Dataset records:

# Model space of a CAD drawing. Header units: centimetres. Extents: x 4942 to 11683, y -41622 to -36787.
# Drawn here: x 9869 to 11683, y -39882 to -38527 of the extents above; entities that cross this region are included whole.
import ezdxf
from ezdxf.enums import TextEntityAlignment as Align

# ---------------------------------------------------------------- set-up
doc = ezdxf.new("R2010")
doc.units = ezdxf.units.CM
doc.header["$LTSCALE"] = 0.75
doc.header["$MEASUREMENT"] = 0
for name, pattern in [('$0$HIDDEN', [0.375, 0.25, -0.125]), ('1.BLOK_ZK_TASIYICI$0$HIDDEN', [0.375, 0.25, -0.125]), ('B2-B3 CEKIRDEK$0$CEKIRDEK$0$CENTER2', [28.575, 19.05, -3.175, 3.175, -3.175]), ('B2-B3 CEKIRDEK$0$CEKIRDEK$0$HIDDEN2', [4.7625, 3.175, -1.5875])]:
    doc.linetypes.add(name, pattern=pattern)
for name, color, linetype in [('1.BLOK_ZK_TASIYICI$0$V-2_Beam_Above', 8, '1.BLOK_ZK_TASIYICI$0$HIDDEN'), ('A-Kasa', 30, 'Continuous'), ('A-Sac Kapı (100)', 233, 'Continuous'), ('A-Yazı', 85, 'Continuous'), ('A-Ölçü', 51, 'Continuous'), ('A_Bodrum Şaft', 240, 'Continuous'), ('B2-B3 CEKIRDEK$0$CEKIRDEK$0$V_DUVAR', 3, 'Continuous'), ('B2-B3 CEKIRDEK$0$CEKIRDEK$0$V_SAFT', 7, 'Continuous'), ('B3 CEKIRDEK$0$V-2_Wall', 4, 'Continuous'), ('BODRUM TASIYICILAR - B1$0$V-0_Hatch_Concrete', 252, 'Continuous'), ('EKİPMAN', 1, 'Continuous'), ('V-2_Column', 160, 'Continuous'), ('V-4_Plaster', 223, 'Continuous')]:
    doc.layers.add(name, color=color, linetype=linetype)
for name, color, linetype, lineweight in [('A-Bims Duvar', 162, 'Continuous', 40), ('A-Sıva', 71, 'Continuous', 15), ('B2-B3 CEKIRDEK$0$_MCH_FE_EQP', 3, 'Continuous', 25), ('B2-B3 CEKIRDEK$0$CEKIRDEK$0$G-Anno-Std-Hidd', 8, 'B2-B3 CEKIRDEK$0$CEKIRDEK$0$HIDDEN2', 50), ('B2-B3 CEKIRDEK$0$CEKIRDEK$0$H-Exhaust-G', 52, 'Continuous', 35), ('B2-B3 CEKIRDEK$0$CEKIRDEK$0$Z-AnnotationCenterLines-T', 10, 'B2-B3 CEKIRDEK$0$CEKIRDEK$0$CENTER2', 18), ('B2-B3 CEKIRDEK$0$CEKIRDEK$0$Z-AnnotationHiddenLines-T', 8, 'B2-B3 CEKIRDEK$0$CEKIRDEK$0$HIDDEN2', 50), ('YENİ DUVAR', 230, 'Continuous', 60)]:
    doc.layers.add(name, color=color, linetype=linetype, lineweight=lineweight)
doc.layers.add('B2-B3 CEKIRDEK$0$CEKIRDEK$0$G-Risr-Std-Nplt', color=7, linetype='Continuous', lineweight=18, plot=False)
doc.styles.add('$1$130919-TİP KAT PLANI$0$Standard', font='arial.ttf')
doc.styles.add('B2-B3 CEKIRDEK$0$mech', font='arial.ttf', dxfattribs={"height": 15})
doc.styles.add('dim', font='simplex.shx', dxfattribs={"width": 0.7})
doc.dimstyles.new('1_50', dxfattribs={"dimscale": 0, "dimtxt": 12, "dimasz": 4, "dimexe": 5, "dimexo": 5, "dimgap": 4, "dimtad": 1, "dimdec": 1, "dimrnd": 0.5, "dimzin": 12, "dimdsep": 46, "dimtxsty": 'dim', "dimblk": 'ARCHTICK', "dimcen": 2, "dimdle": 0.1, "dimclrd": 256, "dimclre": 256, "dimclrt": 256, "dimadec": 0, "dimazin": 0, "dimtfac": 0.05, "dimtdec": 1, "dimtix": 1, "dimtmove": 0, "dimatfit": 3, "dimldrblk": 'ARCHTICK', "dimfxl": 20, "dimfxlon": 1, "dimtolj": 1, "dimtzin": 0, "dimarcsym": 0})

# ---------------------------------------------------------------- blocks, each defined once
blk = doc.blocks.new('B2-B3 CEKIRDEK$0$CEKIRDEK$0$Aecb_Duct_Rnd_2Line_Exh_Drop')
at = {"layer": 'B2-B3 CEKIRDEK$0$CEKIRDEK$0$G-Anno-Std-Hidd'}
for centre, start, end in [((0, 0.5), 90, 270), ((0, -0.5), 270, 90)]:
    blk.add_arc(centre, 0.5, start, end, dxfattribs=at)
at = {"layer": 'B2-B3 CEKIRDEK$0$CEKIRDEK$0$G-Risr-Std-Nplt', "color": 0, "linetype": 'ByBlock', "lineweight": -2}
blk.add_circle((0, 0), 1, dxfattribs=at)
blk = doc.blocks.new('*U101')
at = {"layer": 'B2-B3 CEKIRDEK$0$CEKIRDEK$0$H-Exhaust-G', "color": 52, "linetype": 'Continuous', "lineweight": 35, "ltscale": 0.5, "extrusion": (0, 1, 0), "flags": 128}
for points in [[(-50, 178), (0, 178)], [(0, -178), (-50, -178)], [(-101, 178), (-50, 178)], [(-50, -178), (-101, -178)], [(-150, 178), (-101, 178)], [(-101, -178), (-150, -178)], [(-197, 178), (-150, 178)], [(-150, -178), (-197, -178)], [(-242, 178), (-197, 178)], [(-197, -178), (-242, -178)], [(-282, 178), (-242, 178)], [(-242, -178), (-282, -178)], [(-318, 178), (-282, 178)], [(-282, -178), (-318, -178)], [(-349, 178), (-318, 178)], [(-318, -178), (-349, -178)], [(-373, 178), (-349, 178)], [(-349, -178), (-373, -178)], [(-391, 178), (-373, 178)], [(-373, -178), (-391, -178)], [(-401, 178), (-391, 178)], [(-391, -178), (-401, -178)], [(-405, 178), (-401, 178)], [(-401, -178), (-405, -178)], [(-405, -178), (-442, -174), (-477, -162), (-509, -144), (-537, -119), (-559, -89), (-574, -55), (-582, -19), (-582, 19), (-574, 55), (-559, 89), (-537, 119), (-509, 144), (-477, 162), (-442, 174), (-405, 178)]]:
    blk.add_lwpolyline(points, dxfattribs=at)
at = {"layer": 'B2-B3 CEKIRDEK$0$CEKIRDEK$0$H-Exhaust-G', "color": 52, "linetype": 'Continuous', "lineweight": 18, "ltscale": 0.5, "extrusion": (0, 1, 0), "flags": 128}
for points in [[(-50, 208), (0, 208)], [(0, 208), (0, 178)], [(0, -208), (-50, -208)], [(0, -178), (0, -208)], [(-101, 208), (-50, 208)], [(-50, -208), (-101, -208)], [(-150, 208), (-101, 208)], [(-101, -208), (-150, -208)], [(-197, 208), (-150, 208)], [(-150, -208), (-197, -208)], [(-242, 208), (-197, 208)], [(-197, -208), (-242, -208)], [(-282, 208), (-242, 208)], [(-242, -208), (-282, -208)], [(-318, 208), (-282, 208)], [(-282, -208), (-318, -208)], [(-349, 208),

→ Description of the task
All entries must be given again exactly.

→ Task response
# Model space of a CAD drawing. Header units: centimetres. Extents: x 4942 to 11683, y -41622 to -36787.
# Drawn here: x 9869 to 11683, y -39882 to -38527 of the extents above; entities that cross this region are included whole.
import ezdxf
from ezdxf.enums import TextEntityAlignment as Align

# ---------------------------------------------------------------- set-up
doc = ezdxf.new("R2010")
doc.units = ezdxf.units.CM
doc.header["$LTSCALE"] = 0.75
doc.header["$MEASUREMENT"] = 0
for name, pattern in [('$0$HIDDEN', [0.375, 0.25, -0.125]), ('1.BLOK_ZK_TASIYICI$0$HIDDEN', [0.375, 0.25, -0.125]), ('B2-B3 CEKIRDEK$0$CEKIRDEK$0$CENTER2', [28.575, 19.05, -3.175, 3.175, -3.175]), ('B2-B3 CEKIRDEK$0$CEKIRDEK$0$HIDDEN2', [4.7625, 3.175, -1.5875])]:
    doc.linetypes.add(name, pattern=pattern)
for name, color, linetype in [('1.BLOK_ZK_TASIYICI$0$V-2_Beam_Above', 8, '1.BLOK_ZK_TASIYICI$0$HIDDEN'), ('A-Kasa', 30, 'Continuous'), ('A-Sac Kapı (100)', 233, 'Continuous'), ('A-Yazı', 85, 'Continuous'), ('A-Ölçü', 51, 'Continuous'), ('A_Bodrum Şaft', 240, 'Continuous'), ('B2-B3 CEKIRDEK$0$CEKIRDEK$0$V_DUVAR', 3, 'Continuous'), ('B2-B3 CEKIRDEK$0$CEKIRDEK$0$V_SAFT', 7, 'Continuous'), ('B3 CEKIRDEK$0$V-2_Wall', 4, 'Continuous'), ('BODRUM TASIYICILAR - B1$0$V-0_Hatch_Concrete', 252, 'Continuous'), ('EKİPMAN', 1, 'Continuous'), ('V-2_Column', 160, 'Continuous'), ('V-4_Plaster', 223, 'Continuous')]:
    doc.layers.add(name, color=color, linetype=linetype)
for name, color, linetype, lineweight in [('A-Bims Duvar', 162, 'Continuous', 40), ('A-Sıva', 71, 'Continuous', 15), ('B2-B3 CEKIRDEK$0$_MCH_FE_EQP', 3, 'Continuous', 25), ('B2-B3 CEKIRDEK$0$CEKIRDEK$0$G-Anno-Std-Hidd', 8, 'B2-B3 CEKIRDEK$0$CEKIRDEK$0$HIDDEN2', 50), ('B2-B3 CEKIRDEK$0$CEKIRDEK$0$H-Exhaust-G', 52, 'Continuous', 35), ('B2-B3 CEKIRDEK$0$CEKIRDEK$0$Z-AnnotationCenterLines-T', 10, 'B2-B3 CEKIRDEK$0$CEKIRDEK$0$CENTER2', 18), ('B2-B3 CEKIRDEK$0$CEKIRDEK$0$Z-AnnotationHiddenLines-T', 8, 'B2-B3 CEKIRDEK$0$CEKIRDEK$0$HIDDEN2', 50), ('YENİ DUVAR', 230, 'Continuous', 60)]:
    doc.layers.add(name, color=color, linetype=linetype, lineweight=lineweight)
doc.layers.add('B2-B3 CEKIRDEK$0$CEKIRDEK$0$G-Risr-Std-Nplt', color=7, linetype='Continuous', lineweight=18, plot=False)
doc.styles.add('$1$130919-TİP KAT PLANI$0$Standard', font='arial.ttf')
doc.styles.add('B2-B3 CEKIRDEK$0$mech', font='arial.ttf', dxfattribs={"height": 15})
doc.styles.add('dim', font='simplex.shx', dxfattribs={"width": 0.7})
doc.dimstyles.new('1_50', dxfattribs={"dimscale": 0, "dimtxt": 12, "dimasz": 4, "dimexe": 5, "dimexo": 5, "dimgap": 4, "dimtad": 1, "dimdec": 1, "dimrnd": 0.5, "dimzin": 12, "dimdsep": 46, "dimtxsty": 'dim', "dimblk": 'ARCHTICK', "dimcen": 2, "dimdle": 0.1, "dimclrd": 256, "dimclre": 256, "dimclrt": 256, "dimadec": 0, "dimazin": 0, "dimtfac": 0.05, "dimtdec": 1, "dimtix": 1, "dimtmove": 0, "dimatfit": 3, "dimldrblk": 'ARCHTICK', "dimfxl": 20, "dimfxlon": 1, "dimtolj": 1, "dimtzin": 0, "dimarcsym": 0})

# ---------------------------------------------------------------- blocks, each defined once
blk = doc.blocks.new('B2-B3 CEKIRDEK$0$CEKIRDEK$0$Aecb_Duct_Rnd_2Line_Exh_Drop')
at = {"layer": 'B2-B3 CEKIRDEK$0$CEKIRDEK$0$G-Anno-Std-Hidd'}
for centre, start, end in [((0, 0.5), 90, 270), ((0, -0.5), 270, 90)]:
    blk.add_arc(centre, 0.5, start, end, dxfattribs=at)
at = {"layer": 'B2-B3 CEKIRDEK$0$CEKIRDEK$0$G-Risr-Std-Nplt', "color": 0, "linetype": 'ByBlock', "lineweight": -2}
blk.add_circle((0, 0), 1, dxfattribs=at)
blk = doc.blocks.new('*U101')
at = {"layer": 'B2-B3 CEKIRDEK$0$CEKIRDEK$0$H-Exhaust-G', "color": 52, "linetype": 'Continuous', "lineweight": 35, "ltscale": 0.5, "extrusion": (0, 1, 0), "flags": 128}
for points in [[(-50, 178), (0, 178)], [(0, -178), (-50, -178)], [(-101, 178), (-50, 178)], [(-50, -178), (-101, -178)], [(-150, 178), (-101, 178)], [(-101, -178), (-150, -178)], [(-197, 178), (-150, 178)], [(-150, -178), (-197, -178)], [(-242, 178), (-197, 178)], [(-197, -178), (-242, -178)], [(-282, 178), (-242, 178)], [(-242, -178), (-282, -178)], [(-318, 178), (-282, 178)], [(-282, -178), (-318, -178)], [(-349, 178), (-318, 178)], [(-318, -178), (-349, -178)], [(-373, 178), (-349, 178)], [(-349, -178), (-373, -178)], [(-391, 178), (-373, 178)], [(-373, -178), (-391, -178)], [(-401, 178), (-391, 178)], [(-391, -178), (-401, -178)], [(-405, 178), (-401, 178)], [(-401, -178), (-405, -178)], [(-405, -178), (-442, -174), (-477, -162), (-509, -144), (-537, -119), (-559, -89), (-574, -55), (-582, -19), (-582, 19), (-574, 55), (-559, 89), (-537, 119), (-509, 144), (-477, 162), (-442, 174), (-405, 178)]]:
    blk.add_lwpolyline(points, dxfattribs=at)
at = {"layer": 'B2-B3 CEKIRDEK$0$CEKIRDEK$0$H-Exhaust-G', "color": 52, "linetype": 'Continuous', "lineweight": 18, "ltscale": 0.5, "extrusion": (0, 1, 0), "flags": 128}
for points in [[(-50, 208), (0, 208)], [(0, 208), (0, 178)], [(0, -208), (-50, -208)], [(0, -178), (0, -208)], [(-101, 208), (-50, 208)], [(-50, -208), (-101, -208)], [(-150, 208), (-101, 208)], [(-101, -208), (-150, -208)], [(-197, 208), (-150, 208)], [(-150, -208), (-197, -208)], [(-242, 208), (-197, 208)], [(-197, -208), (-242, -208)], [(-282, 208), (-242, 208)], [(-242, -208), (-282, -208)], [(-318, 208), (-282, 208)], [(-282, -208), (-318, -208)], [(-349, 208),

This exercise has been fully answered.